Well, ya I really need to get some sort of rack or shelf system, I don’t know what to get. I have so much soap as of now, ya it does sound dumb to just throw away soap but goodness I don’t even know enough people to give enough bars to to even start clearing space! I HAVE thought about making shelves for all over the house to put soap on as decoration though! I will start looking for this RBO everyone speaks of. I’m finding olive oil makes the base too yellow and affects the way the colors work


----------



## Zany_in_CO (Oct 13, 2020)

Sorry, darling, but it makes no sense to me at all to be practicing soap making without using the oils that make the best soap. Perfecting your favorite formula is what it's all about. The *ZNSC* I make it white white -- no yellow. So I'm wondering why your soap is yellow? Are you using EVOO from your grocer's shelf? If so, it is highly likely that it is adulterated with other oils that could cause that result. I use *Pomace olive oil* ($16/7 lbs.). Pomace is the best choice for soap making because it is highest in acidity and therefore the cheapest. I buy it from Soapers Choice (Chicago area) -- an excellent company to do business and you can feel assured of top quality. They also carry Grade A and 50/50 Olive/RBO. In a pinch, I use *Pure Olive Oil* from Costco.

SOAP GIVE AWAY: There are all kinds of places where people would welcome homemade soap -- homeless shelters, centers for abused women and children, homes for unwed mothers, senior citizen facilities, possibly even Food Pantries these days for families unable to buy food for their families.

SOAP STORAGE: Think vertical. If you have a blank wall in a guest bedroom or basement, run shelves up it and use it for curing. Once cured, store it in boxes on the top shelf or on the floor below the bottom shelf.


----------



## AliOop (Oct 13, 2020)

I second what @Zany_in_CO said about not making "bad" soap, or throwing away soap. I love soap-making, so I make a lot of extra beyond what family and friends will ever use. Since all of the excess goes to the local homeless shelter, I make those with less expensive oils, but still good recipes. 

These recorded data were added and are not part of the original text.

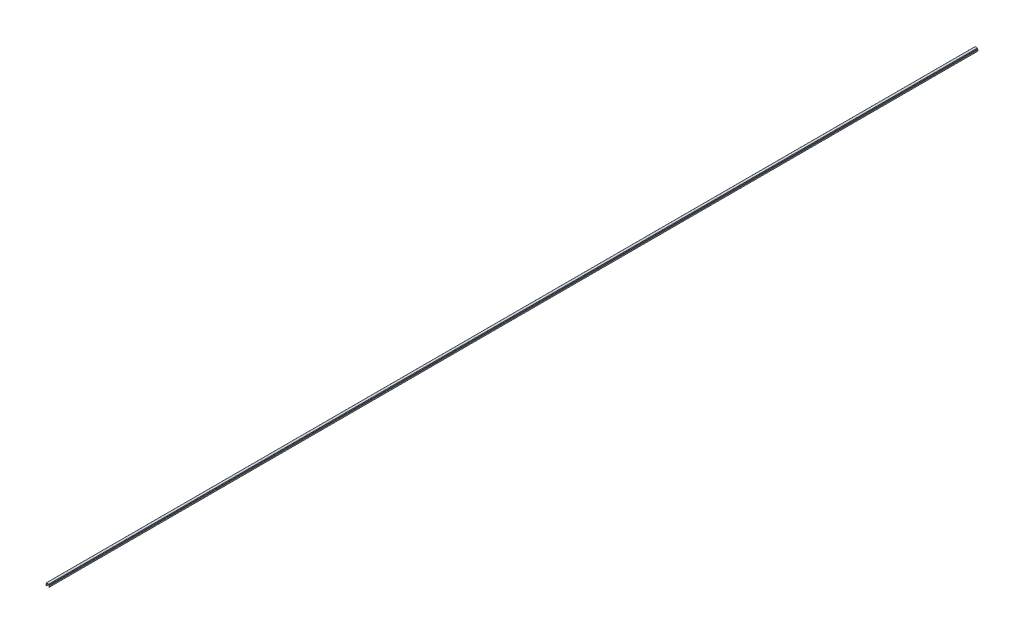
ISO-10303-21;
HEADER;
FILE_DESCRIPTION(('STEP AP214'),'2;1');
FILE_NAME('part.step','',(''),(''),'','','');
FILE_SCHEMA(('AUTOMOTIVE_DESIGN { 1 0 10303 214 1 1 1 1 }'));
ENDSEC;
DATA;
#1=APPLICATION_CONTEXT('core data for automotive mechanical design processes');
#2=APPLICATION_PROTOCOL_DEFINITION('international standard','automotive_design',2000,#1);
#3=PRODUCT_CONTEXT('',#1,'mechanical');
#4=PRODUCT('Part','Part','',(#3));
#5=PRODUCT_RELATED_PRODUCT_CATEGORY('part','',(#4));
#6=PRODUCT_DEFINITION_FORMATION('','',#4);
#7=PRODUCT_DEFINITION_CONTEXT('part definition',#1,'design');
#8=PRODUCT_DEFINITION('design','',#6,#7);
#9=PRODUCT_DEFINITION_SHAPE('','',#8);
#10=(LENGTH_UNIT() NAMED_UNIT(*) SI_UNIT(.MILLI.,.METRE.));
#11=(NAMED_UNIT(*) PLANE_ANGLE_UNIT() SI_UNIT($,.RADIAN.));
#12=(NAMED_UNIT(*) SI_UNIT($,.STERADIAN.) SOLID_ANGLE_UNIT());
#13=UNCERTAINTY_MEASURE_WITH_UNIT(LENGTH_MEASURE(1.E-05),#10,'distance_accuracy_value','');
#14=(GEOMETRIC_REPRESENTATION_CONTEXT(3) GLOBAL_UNCERTAINTY_ASSIGNED_CONTEXT((#13)) GLOBAL_UNIT_ASSIGNED_CONTEXT((#10,
#11,#12)) REPRESENTATION_CONTEXT('',''));
#15=CARTESIAN_POINT('',(0.,0.,0.));
#16=DIRECTION('',(0.,0.,1.));
#17=DIRECTION('',(1.,0.,0.));
#18=AXIS2_PLACEMENT_3D('',#15,#16,#17);
#19=CARTESIAN_POINT('',(-3.25000000000003,3.35000000000003,1000.));
#20=DIRECTION('',(0.,0.,-1.));
#21=DIRECTION('',(-1.,0.,0.));
#22=AXIS2_PLACEMENT_3D('',#19,#20,#21);
#23=CYLINDRICAL_SURFACE('',#22,0.349999999999972);
#24=DIRECTION('',(0.,0.,-1.));
#25=VECTOR('',#24,1.);
#26=CARTESIAN_POINT('',(-3.25,3.7,1000.));
#27=LINE('',#26,#25);
#28=CARTESIAN_POINT('',(-3.25,3.7,1000.));
#29=VERTEX_POINT('',#28);
#30=CARTESIAN_POINT('',(-3.25,3.7,-1000.));
#31=VERTEX_POINT('',#30);
#32=EDGE_CURVE('E211',#29,#31,#27,.T.);
#33=ORIENTED_EDGE('',*,*,#32,.T.);
#34=CARTESIAN_POINT('',(-3.25000000000003,3.35000000000003,-1000.));
#35=DIRECTION('',(0.,0.,1.));
#36=DIRECTION('',(1.,0.,0.));
#37=AXIS2_PLACEMENT_3D('',#34,#35,#36);
#38=CIRCLE('',#37,0.349999999999972);
#39=CARTESIAN_POINT('',(-3.6,3.35,-1000.));
#40=VERTEX_POINT('',#39);
#41=EDGE_CURVE('E205',#31,#40,#38,.T.);
#42=ORIENTED_EDGE('',*,*,#41,.T.);
#43=DIRECTION('',(0.,0.,-1.));
#44=VECTOR('',#43,1.);
#45=CARTESIAN_POINT('',(-3.6,3.35,1000.));
#46=LINE('',#45,#44);
#47=CARTESIAN_POINT('',(-3.6,3.35,1000.));
#48=VERTEX_POINT('',#47);
#49=EDGE_CURVE('E11',#48,#40,#46,.T.);
#50=ORIENTED_EDGE('',*,*,#49,.F.);
#51=CARTESIAN_POINT('',(-3.25000000000003,3.35000000000003,1000.));
#52=DIRECTION('',(0.,0.,1.));
#53=DIRECTION('',(1.,0.,0.));
#54=AXIS2_PLACEMENT_3D('',#51,#52,#53);
#55=CIRCLE('',#54,0.349999999999972);
#56=EDGE_CURVE('E277',#29,#48,#55,.T.);
#57=ORIENTED_EDGE('',*,*,#56,.F.);
#58=EDGE_LOOP('',(#33,#42,#50,#57));
#59=FACE_BOUND('',#58,.T.);
#60=ADVANCED_FACE('F33',(#59),#23,.T.);
#61=CARTESIAN_POINT('',(-3.6,3.35,1000.));
#62=DIRECTION('',(0.984336643247304,0.176299100283099,0.));
#63=DIRECTION('',(-0.176299100283099,0.984336643247304,0.));
#64=AXIS2_PLACEMENT_3D('',#61,#62,#63);
#65=PLANE('',#64);
#66=ORIENTED_EDGE('',*,*,#49,.T.);
#67=DIRECTION('',(0.176299100283099,-0.984336643247304,0.));
#68=VECTOR('',#67,1.);
#69=CARTESIAN_POINT('',(-3.6,3.35,-1000.));
#70=LINE('',#69,#68);
#71=CARTESIAN_POINT('',(-3.,0.,-1000.));
#72=VERTEX_POINT('',#71);
#73=EDGE_CURVE('E195',#40,#72,#70,.T.);
#74=ORIENTED_EDGE('',*,*,#73,.T.);
#75=DIRECTION('',(0.,0.,-1.));
#76=VECTOR('',#75,1.);
#77=CARTESIAN_POINT('',(-3.,0.,1000.));
#78=LINE('',#77,#76);
#79=CARTESIAN_POINT('',(-3.,0.,1000.));
#80=VERTEX_POINT('',#79);
#81=EDGE_CURVE('E40',#80,#72,#78,.T.);
#82=ORIENTED_EDGE('',*,*,#81,.F.);
#83=DIRECTION('',(0.176299100283099,-0.984336643247304,0.));
#84=VECTOR('',#83,1.);
#85=CARTESIAN_POINT('',(-3.6,3.35,1000.));
#86=LINE('',#85,#84);
#87=EDGE_CURVE('E196',#48,#80,#86,.T.);
#88=ORIENTED_EDGE('',*,*,#87,.F.);
#89=EDGE_LOOP('',(#66,#74,#82,#88));
#90=FACE_BOUND('',#89,.T.);
#91=ADVANCED_FACE('F193',(#90),#65,.F.);
#92=CARTESIAN_POINT('',(-3.,0.,1000.));
#93=DIRECTION('',(0.,1.,0.));
#94=DIRECTION('',(0.,0.,1.));
#95=AXIS2_PLACEMENT_3D('',#92,#93,#94);
#96=PLANE('',#95);
#97=ORIENTED_EDGE('',*,*,#81,.T.);
#98=DIRECTION('',(1.,0.,0.));
#99=VECTOR('',#98,1.);
#100=CARTESIAN_POINT('',(-3.,0.,-1000.));
#101=LINE('',#100,#99);
#102=CARTESIAN_POINT('',(-2.2,0.,-1000.));
#103=VERTEX_POINT('',#102);
#104=EDGE_CURVE('E209',#72,#103,#101,.T.);
#105=ORIENTED_EDGE('',*,*,#104,.T.);
#106=DIRECTION('',(0.,0.,-1.));
#107=VECTOR('',#106,1.);
#108=CARTESIAN_POINT('',(-2.2,0.,1000.));
#109=LINE('',#108,#107);
#110=CARTESIAN_POINT('',(-2.2,0.,1000.));
#111=VERTEX_POINT('',#110);
#112=EDGE_CURVE('E363',#111,#103,#109,.T.);
#113=ORIENTED_EDGE('',*,*,#112,.F.);
#114=DIRECTION('',(1.,0.,0.));
#115=VECTOR('',#114,1.);
#116=CARTESIAN_POINT('',(-3.,0.,1000.));
#117=LINE('',#116,#115);
#118=EDGE_CURVE('E280',#80,#111,#117,.T.);
#119=ORIENTED_EDGE('',*,*,#118,.F.);
#120=EDGE_LOOP('',(#97,#105,#113,#119));
#121=FACE_BOUND('',#120,.T.);
#122=ADVANCED_FACE('F366',(#121),#96,.F.);
#123=CARTESIAN_POINT('',(-2.2,0.,1000.));
#124=DIRECTION('',(-0.984336643247306,-0.176299100283088,0.));
#125=DIRECTION('',(0.176299100283088,-0.984336643247306,0.));
#126=AXIS2_PLACEMENT_3D('',#123,#124,#125);
#127=PLANE('',#126);
#128=ORIENTED_EDGE('',*,*,#112,.T.);
#129=DIRECTION('',(-0.176299100283088,0.984336643247306,0.));
#130=VECTOR('',#129,1.);
#131=CARTESIAN_POINT('',(-2.2,0.,-1000.));
#132=LINE('',#131,#130);
#133=CARTESIAN_POINT('',(-2.7352170713255,2.9882953149009,-1000.));
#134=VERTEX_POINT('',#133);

My husband says they practically start happy-dancing when they see his truck drive up with 100+ bars of soap each time. Each bar is in a small zip-lock bag with no labels. I do provide a single sheet of paper with a master ingredient list itemizing every possible ingredient that might be in the various bars.

As for storage, I often use the fruit-packing boxes from Costco, with baking paper on the bottom. They hold lots of soap, are easily stacked, and often have side handles (holes) for picking them up. This allows me to keep a lot of soap in my spare bedroom while I keep my eye out for an inexpensive used wire shelving system.


----------



## Kateri (Oct 13, 2020)

Maybe canola oil? I was surprised to check the ingredients for the soaps one of my favorite bath stores sells, to find they’re made with canola and coconut oil.


----------



## Loran (Oct 14, 2020)

Donating is a brilliant idea! I didn’t even think of that! I can’t remember the name of the olive oil I have but I do know it doesn’t say “blended” anywhere on the labeling. I noticed canola oil is cheap and seen a few recipes using it, maybe I’ll try that. Thank you for the suggestions I will include my practice soap with our grapefruit we donate (our tree is loaded with them every year)


----------



## Zany_in_CO (Oct 14, 2020)

Loran said:


> I noticed canola oil is cheap and seen a few recipes using it, maybe I’ll try that.


Canola is a good cooking oil, but not so good for soap as are other choices. Here's a tip for comparing the types of vegetable oil used in soap.

Go to *SoapCalc*. Plug 100% Canola oil into #6. Hit "Calculate" #7. Look at #5 *"Soap Qualities, Fatty Acids"* menu on the left. There are two columns. The values for Canola show up in the right column. Then go to the list of oils and tick each oil you're considering one at a time. Their values will show up in the left column so you can compare them side-by-side with canola. In this example, I used RBO.


----------



## dibbles (Oct 14, 2020)

A couple of comments with my 2 cents. I don’t like using pomace olive oil, one reason being that I find it to accelerate trace. If you decide to try it I would recommend a smaller size bottle to see what you think of it before buying 7 lbs. A lot of people like canola oil in soap. But you should look for high oleic canola. I use sunflower oil, which is another inexpensive oil and a high oleic version of that should be used as well.


----------



## Loran (Oct 15, 2020)

Zany_in_CO said:


> Canola is a good cooking oil, but not so good for soap as are other choices. Here's a tip for comparing the types of vegetable oil used in soap.
> 
> Go to *SoapCalc*. Plug 100% Canola oil into #6. Hit "Calculate" #7. Look at #5 *"Soap Qualities, Fatty Acids"* menu on the left. There are two columns. The values for Canola show up in the right column. Then go to the list of oils and tick each oil you're considering one at a time. Their values will show up in the left column so you can compare them side-by-side with canola. In this example, I used RBO.
> 
> View attachment 50535


Which soap calc is that? I don’t recognize it. The one I’ve been using is the soapmakingfriend one. I like how it shows the individual oils properties like that 


dibbles said:


> A couple of comments with my 2 cents. I don’t like using pomace olive oil, one reason being that I find it to accelerate trace. If you decide to try it I would recommend a smaller size bottle to see what you think of it before buying 7 lbs. A lot of people like canola oil in soap. But you should look for high oleic canola. I use sunflower oil, which is another inexpensive oil and a high oleic version of that should be used as well.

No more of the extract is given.